# Grammar lesson for the day;)



## Denise1952 (Nov 24, 2014)




----------



## jujube (Nov 24, 2014)

I want one of those.....the trophy, not the 'trophe....  Good one, Denise!


----------



## Sassycakes (Nov 25, 2014)

Great one, just too funny !


----------



## Falcon (Nov 25, 2014)

Denise, It irks me when some people don't know the difference between  LOSE and LOOSE .


----------



## Meanderer (Nov 25, 2014)




----------



## AZ Jim (Dec 12, 2014)

How 'bout the infamous to, too, two dilemma?


----------



## Raven (Dec 12, 2014)

There and their are two words that are commonly used incorrectly.
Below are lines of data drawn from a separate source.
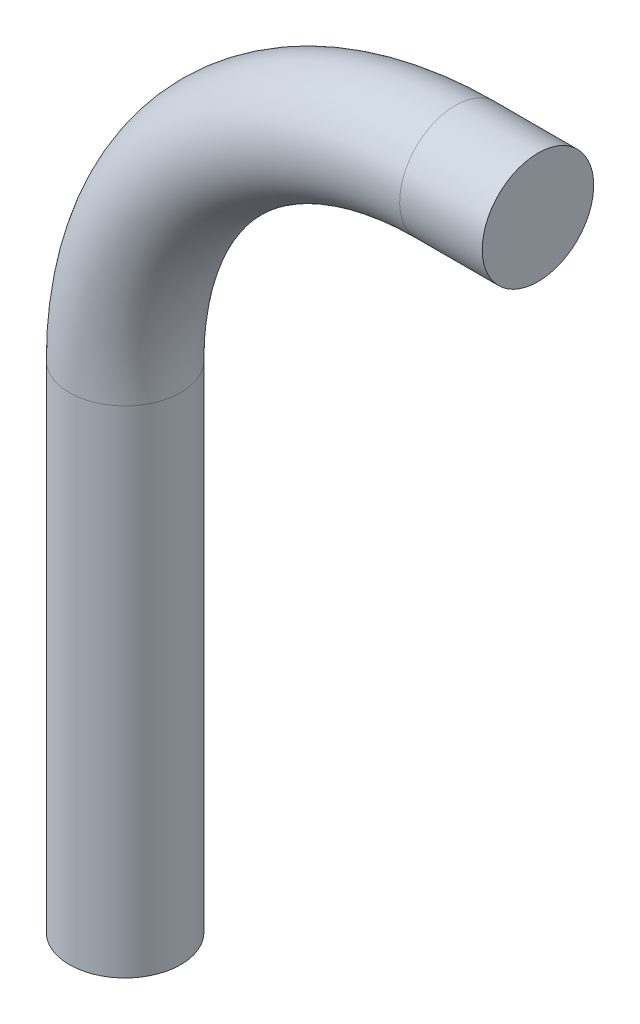
ISO-10303-21;
HEADER;
FILE_DESCRIPTION(('STEP AP214'),'2;1');
FILE_NAME('part.step','',(''),(''),'','','');
FILE_SCHEMA(('AUTOMOTIVE_DESIGN { 1 0 10303 214 1 1 1 1 }'));
ENDSEC;
DATA;
#1=APPLICATION_CONTEXT('core data for automotive mechanical design processes');
#2=APPLICATION_PROTOCOL_DEFINITION('international standard','automotive_design',2000,#1);
#3=PRODUCT_CONTEXT('',#1,'mechanical');
#4=PRODUCT('Part','Part','',(#3));
#5=PRODUCT_RELATED_PRODUCT_CATEGORY('part','',(#4));
#6=PRODUCT_DEFINITION_FORMATION('','',#4);
#7=PRODUCT_DEFINITION_CONTEXT('part definition',#1,'design');
#8=PRODUCT_DEFINITION('design','',#6,#7);
#9=PRODUCT_DEFINITION_SHAPE('','',#8);
#10=(LENGTH_UNIT() NAMED_UNIT(*) SI_UNIT(.MILLI.,.METRE.));
#11=(NAMED_UNIT(*) PLANE_ANGLE_UNIT() SI_UNIT($,.RADIAN.));
#12=(NAMED_UNIT(*) SI_UNIT($,.STERADIAN.) SOLID_ANGLE_UNIT());
#13=UNCERTAINTY_MEASURE_WITH_UNIT(LENGTH_MEASURE(1.E-05),#10,'distance_accuracy_value','');
#14=(GEOMETRIC_REPRESENTATION_CONTEXT(3) GLOBAL_UNCERTAINTY_ASSIGNED_CONTEXT((#13)) GLOBAL_UNIT_ASSIGNED_CONTEXT((#10,
#11,#12)) REPRESENTATION_CONTEXT('',''));
#15=CARTESIAN_POINT('',(0.,0.,0.));
#16=DIRECTION('',(0.,0.,1.));
#17=DIRECTION('',(1.,0.,0.));
#18=AXIS2_PLACEMENT_3D('',#15,#16,#17);
#19=CARTESIAN_POINT('',(0.,0.,0.));
#20=DIRECTION('',(0.,1.,0.));
#21=DIRECTION('',(0.,0.,1.));
#22=AXIS2_PLACEMENT_3D('',#19,#20,#21);
#23=PLANE('',#22);
#24=CARTESIAN_POINT('',(0.,0.,0.));
#25=DIRECTION('',(0.,1.,0.));
#26=DIRECTION('',(0.,0.,1.));
#27=AXIS2_PLACEMENT_3D('',#24,#25,#26);
#28=CIRCLE('',#27,6.75);
#29=CARTESIAN_POINT('',(0.,0.,6.75));
#30=VERTEX_POINT('',#29);
#31=EDGE_CURVE('E42',#30,#30,#28,.T.);
#32=ORIENTED_EDGE('',*,*,#31,.F.);
#33=EDGE_LOOP('',(#32));
#34=FACE_BOUND('',#33,.T.);
#35=ADVANCED_FACE('F30',(#34),#23,.F.);
#36=CARTESIAN_POINT('',(50.,100.,0.));
#37=DIRECTION('',(1.,0.,0.));
#38=DIRECTION('',(0.,0.,1.));
#39=AXIS2_PLACEMENT_3D('',#36,#37,#38);
#40=PLANE('',#39);
#41=CARTESIAN_POINT('',(50.,100.,0.));
#42=DIRECTION('',(1.,0.,0.));
#43=DIRECTION('',(0.,0.,1.));
#44=AXIS2_PLACEMENT_3D('',#41,#42,#43);
#45=CIRCLE('',#44,6.75);
#46=CARTESIAN_POINT('',(50.,100.,6.75));
#47=VERTEX_POINT('',#46);
#48=EDGE_CURVE('E11',#47,#47,#45,.T.);
#49=ORIENTED_EDGE('',*,*,#48,.T.);
#50=EDGE_LOOP('',(#49));
#51=FACE_BOUND('',#50,.T.);
#52=ADVANCED_FACE('F45',(#51),#40,.T.);
#53=CARTESIAN_POINT('',(0.,0.,0.));
#54=DIRECTION('',(0.,1.,0.));
#55=DIRECTION('',(0.,0.,1.));
#56=AXIS2_PLACEMENT_3D('',#53,#54,#55);
#57=CYLINDRICAL_SURFACE('',#56,6.75);
#58=CARTESIAN_POINT('',(0.,59.9999999999997,0.));
#59=DIRECTION('',(0.,1.,0.));
#60=DIRECTION('',(0.,0.,1.));
#61=AXIS2_PLACEMENT_3D('',#58,#59,#60);
#62=CIRCLE('',#61,6.75);
#63=CARTESIAN_POINT('',(-6.75,59.9999999999997,0.));
#64=VERTEX_POINT('',#63);
#65=EDGE_CURVE('E55',#64,#64,#62,.T.);
#66=ORIENTED_EDGE('',*,*,#65,.F.);
#67=EDGE_LOOP('',(#66));
#68=FACE_BOUND('',#67,.T.);
#69=ORIENTED_EDGE('',*,*,#31,.T.);
#70=EDGE_LOOP('',(#69));
#71=FACE_BOUND('',#70,.T.);
#72=ADVANCED_FACE('F60',(#68,#71),#57,.T.);
#73=CARTESIAN_POINT('',(40.,60.,0.));
#74=DIRECTION('',(0.,0.,-1.));
#75=DIRECTION('',(-1.,0.,0.));
#76=AXIS2_PLACEMENT_3D('',#73,#74,#75);
#77=TOROIDAL_SURFACE('',#76,40.,6.75);
#78=CARTESIAN_POINT('',(40.0000000000003,100.,0.));
#79=DIRECTION('',(1.,0.,0.));
#80=DIRECTION('',(0.,0.,1.));
#81=AXIS2_PLACEMENT_3D('',#78,#79,#80);
#82=CIRCLE('',#81,6.75);
#83=CARTESIAN_POINT('',(40.0000000000003,106.75,0.));
#84=VERTEX_POINT('',#83);
#85=EDGE_CURVE('E37',#84,#84,#82,.T.);
#86=CARTESIAN_POINT('',(40.,60.,0.));
#87=DIRECTION('',(0.,0.,-1.));
#88=DIRECTION('',(-1.,0.,0.));
#89=AXIS2_PLACEMENT_3D('',#86,#87,#88);
#90=CIRCLE('',#89,46.75);
#91=EDGE_CURVE('',#64,#84,#90,.T.);
#92=ORIENTED_EDGE('',*,*,#65,.T.);
#93=ORIENTED_EDGE('',*,*,#85,.F.);
#94=ORIENTED_EDGE('',*,*,#91,.T.);
#95=ORIENTED_EDGE('',*,*,#91,.F.);
#96=EDGE_LOOP('',(#92,#94,#93,#95));
#97=FACE_BOUND('',#96,.T.);
#98=ADVANCED_FACE('F50',(#97),#77,.T.);
#99=CARTESIAN_POINT('',(40.0000000000003,100.,0.));
#100=DIRECTION('',(1.,0.,0.));
#101=DIRECTION('',(0.,0.,-1.));
#102=AXIS2_PLACEMENT_3D('',#99,#100,#101);
#103=CYLINDRICAL_SURFACE('',#102,6.75);
#104=ORIENTED_EDGE('',*,*,#48,.F.);
#105=EDGE_LOOP('',(#104));
#106=FACE_BOUND('',#105,.T.);
#107=ORIENTED_EDGE('',*,*,#85,.T.);
#108=EDGE_LOOP('',(#107));
#109=FACE_BOUND('',#108,.T.);
#110=ADVANCED_FACE('F47',(#106,#109),#103,.T.);
#111=CLOSED_SHELL('',(#35,#52,#72,#98,#110));
#112=MANIFOLD_SOLID_BREP('B2',#111);
#113=ADVANCED_BREP_SHAPE_REPRESENTATION('',(#18,#112),#14);
#114=SHAPE_DEFINITION_REPRESENTATION(#9,#113);
ENDSEC;
END-ISO-10303-21;

Some times I think I need to take a few grammar lessons because it has been a long time
since I was in school.


----------



## Denise1952 (Dec 12, 2014)

Hi all,

Sorry I didn't see your replies, to add to the list, then and than are hard ones, or were for me until I had an English Comp. class.  As some of you can tell on here, I seem to conveniently forget a lot of what I was taught, LOL!


----------



## Denise1952 (Dec 12, 2014)

AZ Jim said:


> How 'bout the infamous to, too, two dilemma?



and don't forget tutu, LOL!!  Oh wait, tu tu, LOL!!


----------



## Raven (Dec 12, 2014)

Me too Denise.


----------